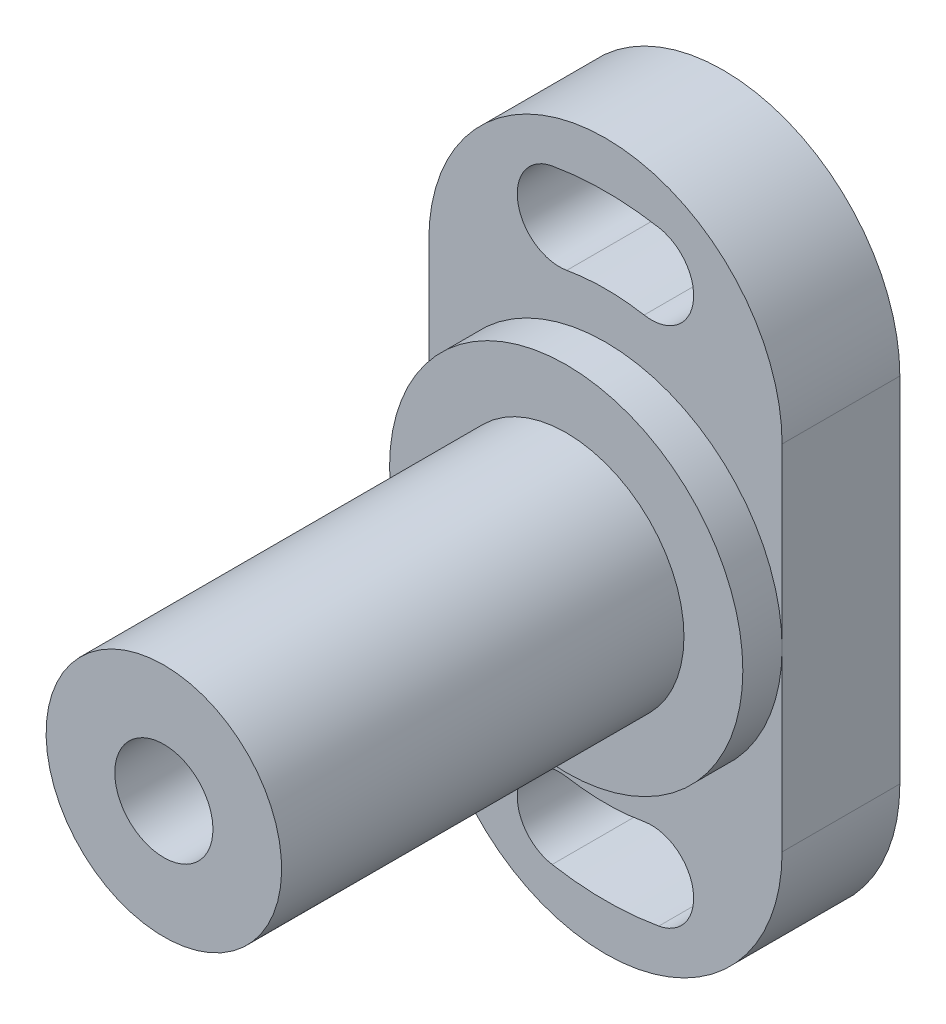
ISO-10303-21;
HEADER;
FILE_DESCRIPTION(('STEP AP214'),'2;1');
FILE_NAME('part.step','',(''),(''),'','','');
FILE_SCHEMA(('AUTOMOTIVE_DESIGN { 1 0 10303 214 1 1 1 1 }'));
ENDSEC;
DATA;
#1=APPLICATION_CONTEXT('core data for automotive mechanical design processes');
#2=APPLICATION_PROTOCOL_DEFINITION('international standard','automotive_design',2000,#1);
#3=PRODUCT_CONTEXT('',#1,'mechanical');
#4=PRODUCT('Part','Part','',(#3));
#5=PRODUCT_RELATED_PRODUCT_CATEGORY('part','',(#4));
#6=PRODUCT_DEFINITION_FORMATION('','',#4);
#7=PRODUCT_DEFINITION_CONTEXT('part definition',#1,'design');
#8=PRODUCT_DEFINITION('design','',#6,#7);
#9=PRODUCT_DEFINITION_SHAPE('','',#8);
#10=(LENGTH_UNIT() NAMED_UNIT(*) SI_UNIT(.MILLI.,.METRE.));
#11=(NAMED_UNIT(*) PLANE_ANGLE_UNIT() SI_UNIT($,.RADIAN.));
#12=(NAMED_UNIT(*) SI_UNIT($,.STERADIAN.) SOLID_ANGLE_UNIT());
#13=UNCERTAINTY_MEASURE_WITH_UNIT(LENGTH_MEASURE(1.E-05),#10,'distance_accuracy_value','');
#14=(GEOMETRIC_REPRESENTATION_CONTEXT(3) GLOBAL_UNCERTAINTY_ASSIGNED_CONTEXT((#13)) GLOBAL_UNIT_ASSIGNED_CONTEXT((#10,
#11,#12)) REPRESENTATION_CONTEXT('',''));
#15=CARTESIAN_POINT('',(0.,0.,0.));
#16=DIRECTION('',(0.,0.,1.));
#17=DIRECTION('',(1.,0.,0.));
#18=AXIS2_PLACEMENT_3D('',#15,#16,#17);
#19=CARTESIAN_POINT('',(0.,9.,6.));
#20=DIRECTION('',(0.,0.,1.));
#21=DIRECTION('',(0.,-1.,0.));
#22=AXIS2_PLACEMENT_3D('',#19,#20,#21);
#23=PLANE('',#22);
#24=CARTESIAN_POINT('',(0.,0.,6.));
#25=DIRECTION('',(0.,0.,-1.));
#26=DIRECTION('',(0.,1.,0.));
#27=AXIS2_PLACEMENT_3D('',#24,#25,#26);
#28=CIRCLE('',#27,9.);
#29=CARTESIAN_POINT('',(-9.,0.,6.));
#30=VERTEX_POINT('',#29);
#31=CARTESIAN_POINT('',(9.,0.,6.));
#32=VERTEX_POINT('',#31);
#33=EDGE_CURVE('E129',#30,#32,#28,.T.);
#34=ORIENTED_EDGE('',*,*,#33,.T.);
#35=DIRECTION('',(0.,1.,0.));
#36=VECTOR('',#35,1.);
#37=CARTESIAN_POINT('',(9.,9.,6.));
#38=LINE('',#37,#36);
#39=CARTESIAN_POINT('',(9.,9.,6.));
#40=VERTEX_POINT('',#39);
#41=EDGE_CURVE('E118',#32,#40,#38,.T.);
#42=ORIENTED_EDGE('',*,*,#41,.T.);
#43=CARTESIAN_POINT('',(0.,9.,6.));
#44=DIRECTION('',(0.,0.,1.));
#45=DIRECTION('',(0.,-1.,0.));
#46=AXIS2_PLACEMENT_3D('',#43,#44,#45);
#47=CIRCLE('',#46,9.);
#48=CARTESIAN_POINT('',(-9.,9.,6.));
#49=VERTEX_POINT('',#48);
#50=EDGE_CURVE('E213',#40,#49,#47,.T.);
#51=ORIENTED_EDGE('',*,*,#50,.T.);
#52=DIRECTION('',(0.,-1.,0.));
#53=VECTOR('',#52,1.);
#54=CARTESIAN_POINT('',(-9.,9.,6.));
#55=LINE('',#54,#53);
#56=EDGE_CURVE('E131',#49,#30,#55,.T.);
#57=ORIENTED_EDGE('',*,*,#56,.T.);
#58=EDGE_LOOP('',(#34,#42,#51,#57));
#59=FACE_BOUND('',#58,.T.);
#60=CARTESIAN_POINT('',(-2.34425039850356,13.2949046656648,6.));
#61=DIRECTION('',(0.,0.,1.));
#62=DIRECTION('',(0.,1.,0.));
#63=AXIS2_PLACEMENT_3D('',#60,#61,#62);
#64=CIRCLE('',#63,2.15);
#65=CARTESIAN_POINT('',(-2.71759398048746,15.412241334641,6.));
#66=VERTEX_POINT('',#65);
#67=CARTESIAN_POINT('',(-1.97090681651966,11.1775679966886,6.));
#68=VERTEX_POINT('',#67);
#69=EDGE_CURVE('E187',#66,#68,#64,.T.);
#70=ORIENTED_EDGE('',*,*,#69,.F.);
#71=CARTESIAN_POINT('',(0.,0.,6.));
#72=DIRECTION('',(0.,0.,1.));
#73=DIRECTION('',(0.,-1.,0.));
#74=AXIS2_PLACEMENT_3D('',#71,#72,#73);
#75=CIRCLE('',#74,15.65);
#76=CARTESIAN_POINT('',(2.71759398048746,15.412241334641,6.));
#77=VERTEX_POINT('',#76);
#78=EDGE_CURVE('E185',#77,#66,#75,.T.);
#79=ORIENTED_EDGE('',*,*,#78,.F.);
#80=CARTESIAN_POINT('',(2.34425039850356,13.2949046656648,6.));
#81=DIRECTION('',(0.,0.,1.));
#82=DIRECTION('',(0.,-1.,0.));
#83=AXIS2_PLACEMENT_3D('',#80,#81,#82);
#84=CIRCLE('',#83,2.15);
#85=CARTESIAN_POINT('',(1.97090681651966,11.1775679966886,6.));
#86=VERTEX_POINT('',#85);
#87=EDGE_CURVE('E192',#86,#77,#84,.T.);
#88=ORIENTED_EDGE('',*,*,#87,.F.);
#89=CARTESIAN_POINT('',(0.,0.,6.));
#90=DIRECTION('',(0.,0.,-1.));
#91=DIRECTION('',(0.,-1.,0.));
#92=AXIS2_PLACEMENT_3D('',#89,#90,#91);
#93=CIRCLE('',#92,11.35);
#94=EDGE_CURVE('E189',#68,#86,#93,.T.);
#95=ORIENTED_EDGE('',*,*,#94,.F.);
#96=EDGE_LOOP('',(#70,#79,#88,#95));
#97=FACE_BOUND('',#96,.T.);
#98=ADVANCED_FACE('F14',(#59,#97),#23,.T.);
#99=EDGE_CURVE('E30',#32,#30,#28,.T.);
#100=ORIENTED_EDGE('',*,*,#99,.T.);
#101=CARTESIAN_POINT('',(-9.,-9.,6.));
#102=VERTEX_POINT('',#101);
#103=EDGE_CURVE('E215',#30,#102,#55,.T.);
#104=ORIENTED_EDGE('',*,*,#103,.T.);
#105=CARTESIAN_POINT('',(0.,-9.,6.));
#106=DIRECTION('',(0.,0.,1.));
#107=DIRECTION('',(0.,1.,0.));
#108=AXIS2_PLACEMENT_3D('',#105,#106,#107);
#109=CIRCLE('',#108,9.);
#110=CARTESIAN_POINT('',(9.,-9.,6.));
#111=VERTEX_POINT('',#110);
#112=EDGE_CURVE('E113',#102,#111,#109,.T.);
#113=ORIENTED_EDGE('',*,*,#112,.T.);
#114=EDGE_CURVE('E108',#111,#32,#38,.T.);
#115=ORIENTED_EDGE('',*,*,#114,.T.);
#116=EDGE_LOOP('',(#100,#104,#113,#115));
#117=FACE_BOUND('',#116,.T.);
#118=CARTESIAN_POINT('',(0.,0.,6.));
#119=DIRECTION('',(0.,0.,-1.));
#120=DIRECTION('',(0.,1.,0.));
#121=AXIS2_PLACEMENT_3D('',#118,#119,#120);
#122=CIRCLE('',#121,11.35);
#123=CARTESIAN_POINT('',(1.97090681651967,-11.1775679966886,6.));
#124=VERTEX_POINT('',#123);
#125=CARTESIAN_POINT('',(-1.97090681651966,-11.1775679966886,6.));
#126=VERTEX_POINT('',#125);
#127=EDGE_CURVE('E158',#124,#126,#122,.T.);
#128=ORIENTED_EDGE('',*,*,#127,.F.);
#129=CARTESIAN_POINT('',(2.34425039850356,-13.2949046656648,6.));
#130=DIRECTION('',(0.,0.,1.));
#131=DIRECTION('',(0.,1.,0.));
#132=AXIS2_PLACEMENT_3D('',#129,#130,#131);
#133=CIRCLE('',#132,2.15);
#134=CARTESIAN_POINT('',(2.71759398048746,-15.412241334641,6.));
#135=VERTEX_POINT('',#134);
#136=EDGE_CURVE('E156',#135,#124,#133,.T.);
#137=ORIENTED_EDGE('',*,*,#136,.F.);
#138=CARTESIAN_POINT('',(0.,0.,6.));
#139=DIRECTION('',(0.,0.,1.));
#140=DIRECTION('',(0.,1.,0.));
#141=AXIS2_PLACEMENT_3D('',#138,#139,#140);
#142=CIRCLE('',#141,15.65);
#143=CARTESIAN_POINT('',(-2.71759398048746,-15.412241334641,6.));
#144=VERTEX_POINT('',#143);
#145=EDGE_CURVE('E162',#144,#135,#142,.T.);
#146=ORIENTED_EDGE('',*,*,#145,.F.);
#147=CARTESIAN_POINT('',(-2.34425039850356,-13.2949046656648,6.));
#148=DIRECTION('',(0.,0.,1.));
#149=DIRECTION('',(0.,-1.,0.));
#150=AXIS2_PLACEMENT_3D('',#147,#148,#149);
#151=CIRCLE('',#150,2.15);
#152=EDGE_CURVE('E160',#126,#144,#151,.T.);
#153=ORIENTED_EDGE('',*,*,#152,.F.);
#154=EDGE_LOOP('',(#128,#137,#146,#153));
#155=FACE_BOUND('',#154,.T.);
#156=ADVANCED_FACE('F110',(#117,#155),#23,.T.);
#157=CARTESIAN_POINT('',(0.,9.,0.));
#158=DIRECTION('',(0.,0.,1.));
#159=DIRECTION('',(0.,-1.,0.));
#160=AXIS2_PLACEMENT_3D('',#157,#158,#159);
#161=PLANE('',#160);
#162=CARTESIAN_POINT('',(0.,0.,0.));
#163=DIRECTION('',(0.,0.,1.));
#164=DIRECTION('',(0.,-1.,0.));
#165=AXIS2_PLACEMENT_3D('',#162,#163,#164);
#166=CIRCLE('',#165,15.65);
#167=CARTESIAN_POINT('',(2.71759398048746,15.412241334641,0.));
#168=VERTEX_POINT('',#167);
#169=CARTESIAN_POINT('',(-2.71759398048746,15.412241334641,0.));
#170=VERTEX_POINT('',#169);
#171=EDGE_CURVE('E173',#168,#170,#166,.T.);
#172=ORIENTED_EDGE('',*,*,#171,.T.);
#173=CARTESIAN_POINT('',(-2.34425039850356,13.2949046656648,0.));
#174=DIRECTION('',(0.,0.,1.));
#175=DIRECTION('',(0.,1.,0.));
#176=AXIS2_PLACEMENT_3D('',#173,#174,#175);
#177=CIRCLE('',#176,2.15);
#178=CARTESIAN_POINT('',(-1.97090681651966,11.1775679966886,0.));
#179=VERTEX_POINT('',#178);
#180=EDGE_CURVE('E176',#170,#179,#177,.T.);
#181=ORIENTED_EDGE('',*,*,#180,.T.);
#182=CARTESIAN_POINT('',(0.,0.,0.));
#183=DIRECTION('',(0.,0.,-1.));
#184=DIRECTION('',(0.,-1.,0.));
#185=AXIS2_PLACEMENT_3D('',#182,#183,#184);
#186=CIRCLE('',#185,11.35);
#187=CARTESIAN_POINT('',(1.97090681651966,11.1775679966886,0.));
#188=VERTEX_POINT('',#187);
#189=EDGE_CURVE('E179',#179,#188,#186,.T.);
#190=ORIENTED_EDGE('',*,*,#189,.T.);
#191=CARTESIAN_POINT('',(2.34425039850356,13.2949046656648,0.));
#192=DIRECTION('',(0.,0.,1.));
#193=DIRECTION('',(0.,-1.,0.));
#194=AXIS2_PLACEMENT_3D('',#191,#192,#193);
#195=CIRCLE('',#194,2.15);
#196=EDGE_CURVE('E182',#188,#168,#195,.T.);
#197=ORIENTED_EDGE('',*,*,#196,.T.);
#198=EDGE_LOOP('',(#172,#181,#190,#197));
#199=FACE_BOUND('',#198,.T.);
#200=CARTESIAN_POINT('',(0.,9.,0.));
#201=DIRECTION('',(0.,0.,1.));
#202=DIRECTION('',(0.,-1.,0.));
#203=AXIS2_PLACEMENT_3D('',#200,#201,#202);
#204=CIRCLE('',#203,9.);
#205=CARTESIAN_POINT('',(9.,9.,0.));
#206=VERTEX_POINT('',#205);
#207=CARTESIAN_POINT('',(-9.,9.,0.));
#208=VERTEX_POINT('',#207);
#209=EDGE_CURVE('E204',#206,#208,#204,.T.);
#210=ORIENTED_EDGE('',*,*,#209,.F.);
#211=DIRECTION('',(0.,1.,0.));
#212=VECTOR('',#211,1.);
#213=CARTESIAN_POINT('',(9.,9.,0.));
#214=LINE('',#213,#212);
#215=CARTESIAN_POINT('',(9.,-9.,0.));
#216=VERTEX_POINT('',#215);
#217=EDGE_CURVE('E211',#216,#206,#214,.T.);
#218=ORIENTED_EDGE('',*,*,#217,.F.);
#219=CARTESIAN_POINT('',(0.,-9.,0.));
#220=DIRECTION('',(0.,0.,1.));
#221=DIRECTION('',(0.,1.,0.));
#222=AXIS2_PLACEMENT_3D('',#219,#220,#221);
#223=CIRCLE('',#222,9.);
#224=CARTESIAN_POINT('',(-9.,-9.,0.));
#225=VERTEX_POINT('',#224);
#226=EDGE_CURVE('E209',#225,#216,#223,.T.);
#227=ORIENTED_EDGE('',*,*,#226,.F.);
#228=DIRECTION('',(0.,-1.,0.));
#229=VECTOR('',#228,1.);
#230=CARTESIAN_POINT('',(-9.,9.,0.));
#231=LINE('',#230,#229);
#232=EDGE_CURVE('E207',#208,#225,#231,.T.);
#233=ORIENTED_EDGE('',*,*,#232,.F.);
#234=EDGE_LOOP('',(#210,#218,#227,#233));
#235=FACE_BOUND('',#234,.T.);
#236=CARTESIAN_POINT('',(2.34425039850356,-13.2949046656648,0.));
#237=DIRECTION('',(0.,0.,1.));
#238=DIRECTION('',(0.,1.,0.));
#239=AXIS2_PLACEMENT_3D('',#236,#237,#238);
#240=CIRCLE('',#239,2.15);
#241=CARTESIAN_POINT('',(2.71759398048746,-15.412241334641,0.));
#242=VERTEX_POINT('',#241);
#243=CARTESIAN_POINT('',(1.97090681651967,-11.1775679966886,0.));
#244=VERTEX_POINT('',#243);
#245=EDGE_CURVE('E144',#242,#244,#240,.T.);
#246=ORIENTED_EDGE('',*,*,#245,.T.);
#247=CARTESIAN_POINT('',(0.,0.,0.));
#248=DIRECTION('',(0.,0.,-1.));
#249=DIRECTION('',(0.,1.,0.));
#250=AXIS2_PLACEMENT_3D('',#247,#248,#249);
#251=CIRCLE('',#250,11.35);
#252=CARTESIAN_POINT('',(-1.97090681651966,-11.1775679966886,0.));
#253=VERTEX_POINT('',#252);
#254=EDGE_CURVE('E147',#244,#253,#251,.T.);
#255=ORIENTED_EDGE('',*,*,#254,.T.);
#256=CARTESIAN_POINT('',(-2.34425039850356,-13.2949046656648,0.));
#257=DIRECTION('',(0.,0.,1.));
#258=DIRECTION('',(0.,-1.,0.));
#259=AXIS2_PLACEMENT_3D('',#256,#257,#258);
#260=CIRCLE('',#259,2.15);
#261=CARTESIAN_POINT('',(-2.71759398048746,-15.412241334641,0.));
#262=VERTEX_POINT('',#261);
#263=EDGE_CURVE('E150',#253,#262,#260,.T.);
#264=ORIENTED_EDGE('',*,*,#263,.T.);
#265=CARTESIAN_POINT('',(0.,0.,0.));
#266=DIRECTION('',(0.,0.,1.));
#267=DIRECTION('',(0.,1.,0.));
#268=AXIS2_PLACEMENT_3D('',#265,#266,#267);
#269=CIRCLE('',#268,15.65);
#270=EDGE_CURVE('E153',#262,#242,#269,.T.);
#271=ORIENTED_EDGE('',*,*,#270,.T.);
#272=EDGE_LOOP('',(#246,#255,#264,#271));
#273=FACE_BOUND('',#272,.T.);
#274=ADVANCED_FACE('F233',(#199,#235,#273),#161,.F.);
#275=CARTESIAN_POINT('',(0.,9.,6.));
#276=DIRECTION('',(0.,0.,-1.));
#277=DIRECTION('',(0.,1.,0.));
#278=AXIS2_PLACEMENT_3D('',#275,#276,#277);
#279=CYLINDRICAL_SURFACE('',#278,9.);
#280=ORIENTED_EDGE('',*,*,#209,.T.);
#281=DIRECTION('',(0.,0.,-1.));
#282=VECTOR('',#281,1.);
#283=CARTESIAN_POINT('',(-9.,9.,6.));
#284=LINE('',#283,#282);
#285=EDGE_CURVE('E23',#49,#208,#284,.T.);
#286=ORIENTED_EDGE('',*,*,#285,.F.);
#287=ORIENTED_EDGE('',*,*,#50,.F.);
#288=DIRECTION('',(0.,0.,-1.));
#289=VECTOR('',#288,1.);
#290=CARTESIAN_POINT('',(9.,9.,6.));
#291=LINE('',#290,#289);
#292=EDGE_CURVE('E117',#40,#206,#291,.T.);
#293=ORIENTED_EDGE('',*,*,#292,.T.);
#294=EDGE_LOOP('',(#280,#286,#287,#293));
#295=FACE_BOUND('',#294,.T.);
#296=ADVANCED_FACE('F16',(#295),#279,.T.);
#297=CARTESIAN_POINT('',(-9.,9.,6.));
#298=DIRECTION('',(1.,0.,0.));
#299=DIRECTION('',(0.,1.,0.));
#300=AXIS2_PLACEMENT_3D('',#297,#298,#299);
#301=PLANE('',#300);
#302=ORIENTED_EDGE('',*,*,#232,.T.);
#303=DIRECTION('',(0.,0.,-1.));
#304=VECTOR('',#303,1.);
#305=CARTESIAN_POINT('',(-9.,-9.,6.));
#306=LINE('',#305,#304);
#307=EDGE_CURVE('E221',#102,#225,#306,.T.);
#308=ORIENTED_EDGE('',*,*,#307,.F.);
#309=ORIENTED_EDGE('',*,*,#103,.F.);
#310=ORIENTED_EDGE('',*,*,#56,.F.);
#311=ORIENTED_EDGE('',*,*,#285,.T.);
#312=EDGE_LOOP('',(#302,#308,#309,#310,#311));
#313=FACE_BOUND('',#312,.T.);
#314=ADVANCED_FACE('F227',(#313),#301,.F.);
#315=CARTESIAN_POINT('',(0.,-9.,6.));
#316=DIRECTION('',(0.,0.,-1.));
#317=DIRECTION('',(0.,1.,0.));
#318=AXIS2_PLACEMENT_3D('',#315,#316,#317);
#319=CYLINDRICAL_SURFACE('',#318,9.);
#320=ORIENTED_EDGE('',*,*,#226,.T.);
#321=DIRECTION('',(0.,0.,-1.));
#322=VECTOR('',#321,1.);
#323=CARTESIAN_POINT('',(9.,-9.,6.));
#324=LINE('',#323,#322);
#325=EDGE_CURVE('E219',#111,#216,#324,.T.);
#326=ORIENTED_EDGE('',*,*,#325,.F.);
#327=ORIENTED_EDGE('',*,*,#112,.F.);
#328=ORIENTED_EDGE('',*,*,#307,.T.);
#329=EDGE_LOOP('',(#320,#326,#327,#328));
#330=FACE_BOUND('',#329,.T.);
#331=ADVANCED_FACE('F237',(#330),#319,.T.);
#332=CARTESIAN_POINT('',(9.,9.,6.));
#333=DIRECTION('',(-1.,0.,0.));
#334=DIRECTION('',(0.,-1.,0.));
#335=AXIS2_PLACEMENT_3D('',#332,#333,#334);
#336=PLANE('',#335);
#337=ORIENTED_EDGE('',*,*,#217,.T.);
#338=ORIENTED_EDGE('',*,*,#292,.F.);
#339=ORIENTED_EDGE('',*,*,#41,.F.);
#340=ORIENTED_EDGE('',*,*,#114,.F.);
#341=ORIENTED_EDGE('',*,*,#325,.T.);
#342=EDGE_LOOP('',(#337,#338,#339,#340,#341));
#343=FACE_BOUND('',#342,.T.);
#344=ADVANCED_FACE('F122',(#343),#336,.F.);
#345=CARTESIAN_POINT('',(0.,0.,6.));
#346=DIRECTION('',(0.,0.,-1.));
#347=DIRECTION('',(0.,1.,0.));
#348=AXIS2_PLACEMENT_3D('',#345,#346,#347);
#349=CYLINDRICAL_SURFACE('',#348,15.65);
#350=ORIENTED_EDGE('',*,*,#171,.F.);
#351=DIRECTION('',(0.,0.,-1.));
#352=VECTOR('',#351,1.);
#353=CARTESIAN_POINT('',(2.71759398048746,15.412241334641,6.));
#354=LINE('',#353,#352);
#355=EDGE_CURVE('E194',#77,#168,#354,.T.);
#356=ORIENTED_EDGE('',*,*,#355,.F.);
#357=ORIENTED_EDGE('',*,*,#78,.T.);
#358=DIRECTION('',(0.,0.,-1.));
#359=VECTOR('',#358,1.);
#360=CARTESIAN_POINT('',(-2.71759398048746,15.412241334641,6.));
#361=LINE('',#360,#359);
#362=EDGE_CURVE('E201',#66,#170,#361,.T.);
#363=ORIENTED_EDGE('',*,*,#362,.T.);
#364=EDGE_LOOP('',(#350,#356,#357,#363));
#365=FACE_BOUND('',#364,.T.);
#366=ADVANCED_FACE('F245',(#365),#349,.F.);
#367=CARTESIAN_POINT('',(-2.34425039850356,13.2949046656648,6.));
#368=DIRECTION('',(0.,0.,-1.));
#369=DIRECTION('',(0.,1.,0.));
#370=AXIS2_PLACEMENT_3D('',#367,#368,#369);
#371=CYLINDRICAL_SURFACE('',#370,2.15);
#372=ORIENTED_EDGE('',*,*,#180,.F.);
#373=ORIENTED_EDGE('',*,*,#362,.F.);
#374=ORIENTED_EDGE('',*,*,#69,.T.);
#375=DIRECTION('',(0.,0.,-1.));
#376=VECTOR('',#375,1.);
#377=CARTESIAN_POINT('',(-1.97090681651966,11.1775679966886,6.));
#378=LINE('',#377,#376);
#379=EDGE_CURVE('E199',#68,#179,#378,.T.);
#380=ORIENTED_EDGE('',*,*,#379,.T.);
#381=EDGE_LOOP('',(#372,#373,#374,#380));
#382=FACE_BOUND('',#381,.T.);
#383=ADVANCED_FACE('F258',(#382),#371,.F.);
#384=CARTESIAN_POINT('',(0.,0.,6.));
#385=DIRECTION('',(0.,0.,-1.));
#386=DIRECTION('',(0.,1.,0.));
#387=AXIS2_PLACEMENT_3D('',#384,#385,#386);
#388=CYLINDRICAL_SURFACE('',#387,11.35);
#389=ORIENTED_EDGE('',*,*,#189,.F.);
#390=ORIENTED_EDGE('',*,*,#379,.F.);
#391=ORIENTED_EDGE('',*,*,#94,.T.);
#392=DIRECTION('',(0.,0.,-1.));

**WHAT IS BEING ASKED:**
Out of the material above, output word for word the line with "#343=FACE_BOUND('',#342,.T.);", the line with "#382=FACE_BOUND('',#381,.T.);", and all lines between them, with nothing else.

**COMPLETED EXERCISE:**
#343=FACE_BOUND('',#342,.T.);
#344=ADVANCED_FACE('F122',(#343),#336,.F.);
#345=CARTESIAN_POINT('',(0.,0.,6.));
#346=DIRECTION('',(0.,0.,-1.));
#347=DIRECTION('',(0.,1.,0.));
#348=AXIS2_PLACEMENT_3D('',#345,#346,#347);
#349=CYLINDRICAL_SURFACE('',#348,15.65);
#350=ORIENTED_EDGE('',*,*,#171,.F.);
#351=DIRECTION('',(0.,0.,-1.));
#352=VECTOR('',#351,1.);
#353=CARTESIAN_POINT('',(2.71759398048746,15.412241334641,6.));
#354=LINE('',#353,#352);
#355=EDGE_CURVE('E194',#77,#168,#354,.T.);
#356=ORIENTED_EDGE('',*,*,#355,.F.);
#357=ORIENTED_EDGE('',*,*,#78,.T.);
#358=DIRECTION('',(0.,0.,-1.));
#359=VECTOR('',#358,1.);
#360=CARTESIAN_POINT('',(-2.71759398048746,15.412241334641,6.));
#361=LINE('',#360,#359);
#362=EDGE_CURVE('E201',#66,#170,#361,.T.);
#363=ORIENTED_EDGE('',*,*,#362,.T.);
#364=EDGE_LOOP('',(#350,#356,#357,#363));
#365=FACE_BOUND('',#364,.T.);
#366=ADVANCED_FACE('F245',(#365),#349,.F.);
#367=CARTESIAN_POINT('',(-2.34425039850356,13.2949046656648,6.));
#368=DIRECTION('',(0.,0.,-1.));
#369=DIRECTION('',(0.,1.,0.));
#370=AXIS2_PLACEMENT_3D('',#367,#368,#369);
#371=CYLINDRICAL_SURFACE('',#370,2.15);
#372=ORIENTED_EDGE('',*,*,#180,.F.);
#373=ORIENTED_EDGE('',*,*,#362,.F.);
#374=ORIENTED_EDGE('',*,*,#69,.T.);
#375=DIRECTION('',(0.,0.,-1.));
#376=VECTOR('',#375,1.);
#377=CARTESIAN_POINT('',(-1.97090681651966,11.1775679966886,6.));
#378=LINE('',#377,#376);
#379=EDGE_CURVE('E199',#68,#179,#378,.T.);
#380=ORIENTED_EDGE('',*,*,#379,.T.);
#381=EDGE_LOOP('',(#372,#373,#374,#380));
#382=FACE_BOUND('',#381,.T.);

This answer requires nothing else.